For about two years now I have been recommending real estate as an investment. I particularly like rental property. Why rental property? First of all, because it creates cash flow, and if you have to sit on it for a while and wait for the market to come back, you can because someone else is paying the note. Second, and most of all, because of what I see coming in the not so distant future.
In the late 1970s and into the early 1980s the fed raised interest rates dramatically to combat inflation. Inflation can be caused by an extended period of time with abnormally low interest rates. Currently interest rates have been at historic low levels for about four years, and Federal Reserve Chairman, Ben Bernanke says we should expect rates to remain very low through 2014. With QE1, QE2, “Operation Twist,” and potentially a form of QE3 (with a different name of course) around the corner, it would not be surprising to see inflation rear its ugly head in the near future.
A simple way to define inflation is: your money is worth less than it used to be. The only reason the US Dollar has not fallen apart is because the Eurozone is in such bad shape. Once the Euro crisis is over, I expect the dollar to start declining in value again. At some point I believe the fed is going to be forced, like in the late 1970s – early 1980s, to aggressively raise rates. This means the cost of borrowing money will become much more expensive. Lending standards have already become much tighter, but once rates jump it will really narrow the playing field. Mortgage rates will go up significantly, and it will be harder for people to buy a home. When people find it difficult to buy a home, what do they do? They rent!

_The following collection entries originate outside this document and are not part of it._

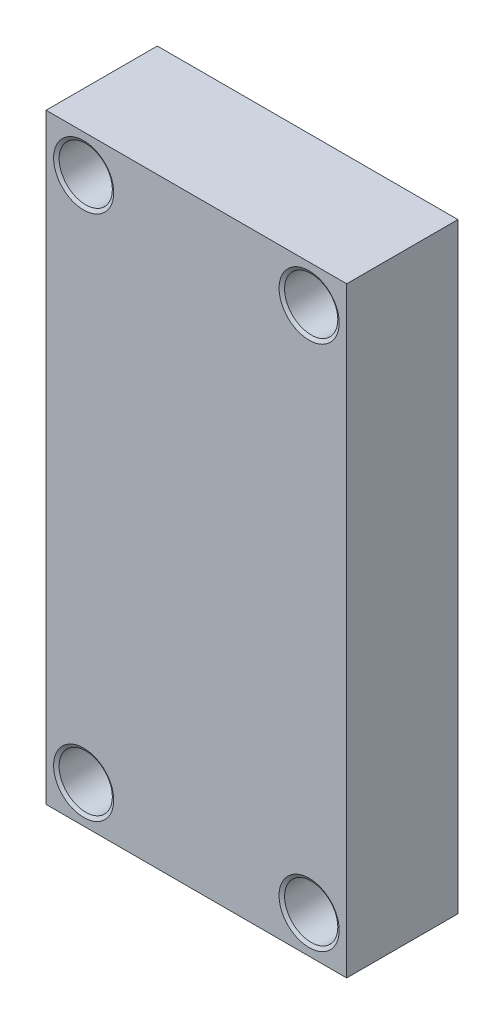
ISO-10303-21;
HEADER;
FILE_DESCRIPTION(('STEP AP214'),'2;1');
FILE_NAME('part.step','',(''),(''),'','','');
FILE_SCHEMA(('AUTOMOTIVE_DESIGN { 1 0 10303 214 1 1 1 1 }'));
ENDSEC;
DATA;
#1=APPLICATION_CONTEXT('core data for automotive mechanical design processes');
#2=APPLICATION_PROTOCOL_DEFINITION('international standard','automotive_design',2000,#1);
#3=PRODUCT_CONTEXT('',#1,'mechanical');
#4=PRODUCT('Part','Part','',(#3));
#5=PRODUCT_RELATED_PRODUCT_CATEGORY('part','',(#4));
#6=PRODUCT_DEFINITION_FORMATION('','',#4);
#7=PRODUCT_DEFINITION_CONTEXT('part definition',#1,'design');
#8=PRODUCT_DEFINITION('design','',#6,#7);
#9=PRODUCT_DEFINITION_SHAPE('','',#8);
#10=(LENGTH_UNIT() NAMED_UNIT(*) SI_UNIT(.MILLI.,.METRE.));
#11=(NAMED_UNIT(*) PLANE_ANGLE_UNIT() SI_UNIT($,.RADIAN.));
#12=(NAMED_UNIT(*) SI_UNIT($,.STERADIAN.) SOLID_ANGLE_UNIT());
#13=UNCERTAINTY_MEASURE_WITH_UNIT(LENGTH_MEASURE(1.E-05),#10,'distance_accuracy_value','');
#14=(GEOMETRIC_REPRESENTATION_CONTEXT(3) GLOBAL_UNCERTAINTY_ASSIGNED_CONTEXT((#13)) GLOBAL_UNIT_ASSIGNED_CONTEXT((#10,
#11,#12)) REPRESENTATION_CONTEXT('',''));
#15=CARTESIAN_POINT('',(0.,0.,0.));
#16=DIRECTION('',(0.,0.,1.));
#17=DIRECTION('',(1.,0.,0.));
#18=AXIS2_PLACEMENT_3D('',#15,#16,#17);
#19=CARTESIAN_POINT('',(9.52499999999999,22.225,9.398));
#20=DIRECTION('',(0.,0.,1.));
#21=DIRECTION('',(1.,0.,0.));
#22=AXIS2_PLACEMENT_3D('',#19,#20,#21);
#23=CONICAL_SURFACE('',#22,2.54,1.02974425867666);
#24=CARTESIAN_POINT('',(9.52499999999999,22.225,9.22248861318205));
#25=DIRECTION('',(0.,0.,1.));
#26=DIRECTION('',(1.,0.,0.));
#27=AXIS2_PLACEMENT_3D('',#24,#25,#26);
#28=CIRCLE('',#27,2.2479);
#29=CARTESIAN_POINT('',(11.7729,22.225,9.22248861318205));
#30=VERTEX_POINT('',#29);
#31=EDGE_CURVE('E13',#30,#30,#28,.T.);
#32=ORIENTED_EDGE('',*,*,#31,.F.);
#33=EDGE_LOOP('',(#32));
#34=FACE_BOUND('',#33,.T.);
#35=CARTESIAN_POINT('',(9.52499999999999,22.225,9.398));
#36=DIRECTION('',(0.,0.,1.));
#37=DIRECTION('',(1.,0.,0.));
#38=AXIS2_PLACEMENT_3D('',#35,#36,#37);
#39=CIRCLE('',#38,2.54);
#40=CARTESIAN_POINT('',(12.065,22.225,9.398));
#41=VERTEX_POINT('',#40);
#42=EDGE_CURVE('E136',#41,#41,#39,.T.);
#43=ORIENTED_EDGE('',*,*,#42,.T.);
#44=EDGE_LOOP('',(#43));
#45=FACE_BOUND('',#44,.T.);
#46=ADVANCED_FACE('F46',(#34,#45),#23,.F.);
#47=CARTESIAN_POINT('',(9.52499999999999,22.225,9.398));
#48=DIRECTION('',(0.,0.,1.));
#49=DIRECTION('',(1.,0.,0.));
#50=AXIS2_PLACEMENT_3D('',#47,#48,#49);
#51=CYLINDRICAL_SURFACE('',#50,2.2479);
#52=CARTESIAN_POINT('',(9.52499999999999,22.225,0.175511386817949));
#53=DIRECTION('',(0.,0.,1.));
#54=DIRECTION('',(1.,0.,0.));
#55=AXIS2_PLACEMENT_3D('',#52,#53,#54);
#56=CIRCLE('',#55,2.2479);
#57=CARTESIAN_POINT('',(11.7729,22.225,0.175511386817949));
#58=VERTEX_POINT('',#57);
#59=EDGE_CURVE('E54',#58,#58,#56,.T.);
#60=ORIENTED_EDGE('',*,*,#59,.F.);
#61=EDGE_LOOP('',(#60));
#62=FACE_BOUND('',#61,.T.);
#63=ORIENTED_EDGE('',*,*,#31,.T.);
#64=EDGE_LOOP('',(#63));
#65=FACE_BOUND('',#64,.T.);
#66=ADVANCED_FACE('F146',(#62,#65),#51,.F.);
#67=CARTESIAN_POINT('',(9.52499999999999,22.225,0.175511386817949));
#68=DIRECTION('',(0.,0.,-1.));
#69=DIRECTION('',(-1.,0.,0.));
#70=AXIS2_PLACEMENT_3D('',#67,#68,#69);
#71=CONICAL_SURFACE('',#70,2.2479,1.02974425867666);
#72=CARTESIAN_POINT('',(9.52499999999999,22.225,0.));
#73=DIRECTION('',(0.,0.,1.));
#74=DIRECTION('',(1.,0.,0.));
#75=AXIS2_PLACEMENT_3D('',#72,#73,#74);
#76=CIRCLE('',#75,2.54);
#77=CARTESIAN_POINT('',(12.065,22.225,0.));
#78=VERTEX_POINT('',#77);
#79=EDGE_CURVE('E139',#78,#78,#76,.T.);
#80=ORIENTED_EDGE('',*,*,#79,.F.);
#81=EDGE_LOOP('',(#80));
#82=FACE_BOUND('',#81,.T.);
#83=ORIENTED_EDGE('',*,*,#59,.T.);
#84=EDGE_LOOP('',(#83));
#85=FACE_BOUND('',#84,.T.);
#86=ADVANCED_FACE('F144',(#82,#85),#71,.F.);
#87=CARTESIAN_POINT('',(9.525,-22.225,9.398));
#88=DIRECTION('',(0.,0.,1.));
#89=DIRECTION('',(1.,0.,0.));
#90=AXIS2_PLACEMENT_3D('',#87,#88,#89);
#91=CONICAL_SURFACE('',#90,2.54,1.02974425867666);
#92=CARTESIAN_POINT('',(9.525,-22.225,9.22248861318205));
#93=DIRECTION('',(0.,0.,1.));
#94=DIRECTION('',(1.,0.,0.));
#95=AXIS2_PLACEMENT_3D('',#92,#93,#94);
#96=CIRCLE('',#95,2.2479);
#97=CARTESIAN_POINT('',(11.7729,-22.225,9.22248861318205));
#98=VERTEX_POINT('',#97);
#99=EDGE_CURVE('E133',#98,#98,#96,.T.);
#100=ORIENTED_EDGE('',*,*,#99,.F.);
#101=EDGE_LOOP('',(#100));
#102=FACE_BOUND('',#101,.T.);
#103=CARTESIAN_POINT('',(9.525,-22.225,9.398));
#104=DIRECTION('',(0.,0.,1.));
#105=DIRECTION('',(1.,0.,0.));
#106=AXIS2_PLACEMENT_3D('',#103,#104,#105);
#107=CIRCLE('',#106,2.54);
#108=CARTESIAN_POINT('',(12.065,-22.225,9.398));
#109=VERTEX_POINT('',#108);
#110=EDGE_CURVE('E124',#109,#109,#107,.T.);
#111=ORIENTED_EDGE('',*,*,#110,.T.);
#112=EDGE_LOOP('',(#111));
#113=FACE_BOUND('',#112,.T.);
#114=ADVANCED_FACE('F188',(#102,#113),#91,.F.);
#115=CARTESIAN_POINT('',(9.525,-22.225,9.398));
#116=DIRECTION('',(0.,0.,1.));
#117=DIRECTION('',(1.,0.,0.));
#118=AXIS2_PLACEMENT_3D('',#115,#116,#117);
#119=CYLINDRICAL_SURFACE('',#118,2.2479);
#120=CARTESIAN_POINT('',(9.525,-22.225,0.175511386817949));
#121=DIRECTION('',(0.,0.,1.));
#122=DIRECTION('',(1.,0.,0.));
#123=AXIS2_PLACEMENT_3D('',#120,#121,#122);
#124=CIRCLE('',#123,2.2479);
#125=CARTESIAN_POINT('',(11.7729,-22.225,0.175511386817949));
#126=VERTEX_POINT('',#125);
#127=EDGE_CURVE('E130',#126,#126,#124,.T.);
#128=ORIENTED_EDGE('',*,*,#127,.F.);
#129=EDGE_LOOP('',(#128));
#130=FACE_BOUND('',#129,.T.);
#131=ORIENTED_EDGE('',*,*,#99,.T.);
#132=EDGE_LOOP('',(#131));
#133=FACE_BOUND('',#132,.T.);
#134=ADVANCED_FACE('F184',(#130,#133),#119,.F.);
#135=CARTESIAN_POINT('',(9.525,-22.225,0.175511386817949));
#136=DIRECTION('',(0.,0.,-1.));
#137=DIRECTION('',(-1.,0.,0.));
#138=AXIS2_PLACEMENT_3D('',#135,#136,#137);
#139=CONICAL_SURFACE('',#138,2.2479,1.02974425867666);
#140=CARTESIAN_POINT('',(9.525,-22.225,0.));
#141=DIRECTION('',(0.,0.,1.));
#142=DIRECTION('',(1.,0.,0.));
#143=AXIS2_PLACEMENT_3D('',#140,#141,#142);
#144=CIRCLE('',#143,2.54);
#145=CARTESIAN_POINT('',(12.065,-22.225,0.));
#146=VERTEX_POINT('',#145);
#147=EDGE_CURVE('E127',#146,#146,#144,.T.);
#148=ORIENTED_EDGE('',*,*,#147,.F.);
#149=EDGE_LOOP('',(#148));
#150=FACE_BOUND('',#149,.T.);
#151=ORIENTED_EDGE('',*,*,#127,.T.);
#152=EDGE_LOOP('',(#151));
#153=FACE_BOUND('',#152,.T.);
#154=ADVANCED_FACE('F180',(#150,#153),#139,.F.);
#155=CARTESIAN_POINT('',(12.7,25.4,9.398));
#156=DIRECTION('',(-1.,0.,0.));
#157=DIRECTION('',(0.,-1.,0.));
#158=AXIS2_PLACEMENT_3D('',#155,#156,#157);
#159=PLANE('',#158);
#160=DIRECTION('',(0.,1.,0.));
#161=VECTOR('',#160,1.);
#162=CARTESIAN_POINT('',(12.7,25.4,0.));
#163=LINE('',#162,#161);
#164=CARTESIAN_POINT('',(12.7,-25.4,0.));
#165=VERTEX_POINT('',#164);
#166=CARTESIAN_POINT('',(12.7,25.4,0.));
#167=VERTEX_POINT('',#166);
#168=EDGE_CURVE('E114',#165,#167,#163,.T.);
#169=ORIENTED_EDGE('',*,*,#168,.T.);
#170=DIRECTION('',(0.,0.,-1.));
#171=VECTOR('',#170,1.);
#172=CARTESIAN_POINT('',(12.7,25.4,9.398));
#173=LINE('',#172,#171);
#174=CARTESIAN_POINT('',(12.7,25.4,9.398));
#175=VERTEX_POINT('',#174);
#176=EDGE_CURVE('E105',#175,#167,#173,.T.);
#177=ORIENTED_EDGE('',*,*,#176,.F.);
#178=DIRECTION('',(0.,1.,0.));
#179=VECTOR('',#178,1.);
#180=CARTESIAN_POINT('',(12.7,25.4,9.398));
#181=LINE('',#180,#179);
#182=CARTESIAN_POINT('',(12.7,-25.4,9.398));
#183=VERTEX_POINT('',#182);
#184=EDGE_CURVE('E99',#183,#175,#181,.T.);
#185=ORIENTED_EDGE('',*,*,#184,.F.);
#186=DIRECTION('',(0.,0.,-1.));
#187=VECTOR('',#186,1.);
#188=CARTESIAN_POINT('',(12.7,-25.4,9.398));
#189=LINE('',#188,#187);
#190=EDGE_CURVE('E110',#183,#165,#189,.T.);
#191=ORIENTED_EDGE('',*,*,#190,.T.);
#192=EDGE_LOOP('',(#169,#177,#185,#191));
#193=FACE_BOUND('',#192,.T.);
#194=ADVANCED_FACE('F177',(#193),#159,.F.);
#195=CARTESIAN_POINT('',(-12.7,25.4,9.398));
#196=DIRECTION('',(0.,-1.,0.));
#197=DIRECTION('',(0.,0.,-1.));
#198=AXIS2_PLACEMENT_3D('',#195,#196,#197);
#199=PLANE('',#198);
#200=DIRECTION('',(-1.,0.,0.));
#201=VECTOR('',#200,1.);
#202=CARTESIAN_POINT('',(-12.7,25.4,0.));
#203=LINE('',#202,#201);
#204=CARTESIAN_POINT('',(-12.7,25.4,0.));
#205=VERTEX_POINT('',#204);
#206=EDGE_CURVE('E104',#167,#205,#203,.T.);
#207=ORIENTED_EDGE('',*,*,#206,.T.);
#208=DIRECTION('',(0.,0.,-1.));
#209=VECTOR('',#208,1.);
#210=CARTESIAN_POINT('',(-12.7,25.4,9.398));
#211=LINE('',#210,#209);
#212=CARTESIAN_POINT('',(-12.7,25.4,9.398));
#213=VERTEX_POINT('',#212);
#214=EDGE_CURVE('E102',#213,#205,#211,.T.);
#215=ORIENTED_EDGE('',*,*,#214,.F.);
#216=DIRECTION('',(-1.,0.,0.));
#217=VECTOR('',#216,1.);
#218=CARTESIAN_POINT('',(-12.7,25.4,9.398));
#219=LINE('',#218,#217);
#220=EDGE_CURVE('E93',#175,#213,#219,.T.);
#221=ORIENTED_EDGE('',*,*,#220,.F.);
#222=ORIENTED_EDGE('',*,*,#176,.T.);
#223=EDGE_LOOP('',(#207,#215,#221,#222));
#224=FACE_BOUND('',#223,.T.);
#225=ADVANCED_FACE('F103',(#224),#199,.F.);
#226=CARTESIAN_POINT('',(-12.7,25.4,9.398));
#227=DIRECTION('',(1.,0.,0.));
#228=DIRECTION('',(0.,1.,0.));
#229=AXIS2_PLACEMENT_3D('',#226,#227,#228);
#230=PLANE('',#229);
#231=DIRECTION('',(0.,-1.,0.));
#232=VECTOR('',#231,1.);
#233=CARTESIAN_POINT('',(-12.7,25.4,0.));
#234=LINE('',#233,#232);
#235=CARTESIAN_POINT('',(-12.7,-25.4,0.));
#236=VERTEX_POINT('',#235);
#237=EDGE_CURVE('E79',#205,#236,#234,.T.);
#238=ORIENTED_EDGE('',*,*,#237,.T.);
#239=DIRECTION('',(0.,0.,-1.));
#240=VECTOR('',#239,1.);
#241=CARTESIAN_POINT('',(-12.7,-25.4,9.398));
#242=LINE('',#241,#240);
#243=CARTESIAN_POINT('',(-12.7,-25.4,9.398));
#244=VERTEX_POINT('',#243);
#245=EDGE_CURVE('E106',#244,#236,#242,.T.);
#246=ORIENTED_EDGE('',*,*,#245,.F.);
#247=DIRECTION('',(0.,-1.,0.));
#248=VECTOR('',#247,1.);
#249=CARTESIAN_POINT('',(-12.7,25.4,9.398));
#250=LINE('',#249,#248);
#251=EDGE_CURVE('E97',#213,#244,#250,.T.);
#252=ORIENTED_EDGE('',*,*,#251,.F.);
#253=ORIENTED_EDGE('',*,*,#214,.T.);
#254=EDGE_LOOP('',(#238,#246,#252,#253));
#255=FACE_BOUND('',#254,.T.);
#256=ADVANCED_FACE('F108',(#255),#230,.F.);
#257=CARTESIAN_POINT('',(-12.7,-25.4,9.398));
#258=DIRECTION('',(0.,1.,0.));
#259=DIRECTION('',(0.,0.,1.));
#260=AXIS2_PLACEMENT_3D('',#257,#258,#259);
#261=PLANE('',#260);
#262=DIRECTION('',(1.,0.,0.));
#263=VECTOR('',#262,1.);
#264=CARTESIAN_POINT('',(-12.7,-25.4,0.));
#265=LINE('',#264,#263);
#266=EDGE_CURVE('E85',#236,#165,#265,.T.);
#267=ORIENTED_EDGE('',*,*,#266,.T.);
#268=ORIENTED_EDGE('',*,*,#190,.F.);
#269=DIRECTION('',(1.,0.,0.));
#270=VECTOR('',#269,1.);
#271=CARTESIAN_POINT('',(-12.7,-25.4,9.398));
#272=LINE('',#271,#270);
#273=EDGE_CURVE('E62',#244,#183,#272,.T.);
#274=ORIENTED_EDGE('',*,*,#273,.F.);
#275=ORIENTED_EDGE('',*,*,#245,.T.);
#276=EDGE_LOOP('',(#267,#268,#274,#275));
#277=FACE_BOUND('',#276,.T.);
#278=ADVANCED_FACE('F157',(#277),#261,.F.);
#279=CARTESIAN_POINT('',(0.,0.,9.398));
#280=DIRECTION('',(0.,0.,1.));
#281=DIRECTION('',(1.,0.,0.));
#282=AXIS2_PLACEMENT_3D('',#279,#280,#281);
#283=PLANE('',#282);
#284=CARTESIAN_POINT('',(-9.52500000000001,22.225,9.398));
#285=DIRECTION('',(0.,0.,1.));
#286=DIRECTION('',(1.,0.,0.));
#287=AXIS2_PLACEMENT_3D('',#284,#285,#286);
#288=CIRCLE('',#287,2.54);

When this happens, those who own rental property will be in a very nice position. When the demand for property to rent goes up, so will rent prices. It is simple supply and demand. When there is high demand and low supply, prices go up. Those who bought or refinanced properties with the record low rates we have right now will be able to increase their rent prices, and dramatically increase cash flow once this occurs. Another option would be to sell some of the properties and do an owner-financed sale. Let’s say rates go to ten percent, and your property is financed at four percent. You could ask for a significant down payment and then charge the buyer eight or nine percent. The buyer would be getting a great deal because they are getting financing a hundred basis points cheaper than the best mortgage rates, and you get a great deal because you are collecting twice as much as you are paying.
Opportunities come around all the time. So often just we hear talk about the ones that we could have, should have, or would have acted on. The ones who take action are the ones who reap the rewards. This is certainly one of the best times in history to be acquiring rental property. Will you be one who could have, should have, would have, but…? Or will you be someone who did and reaps the rewards?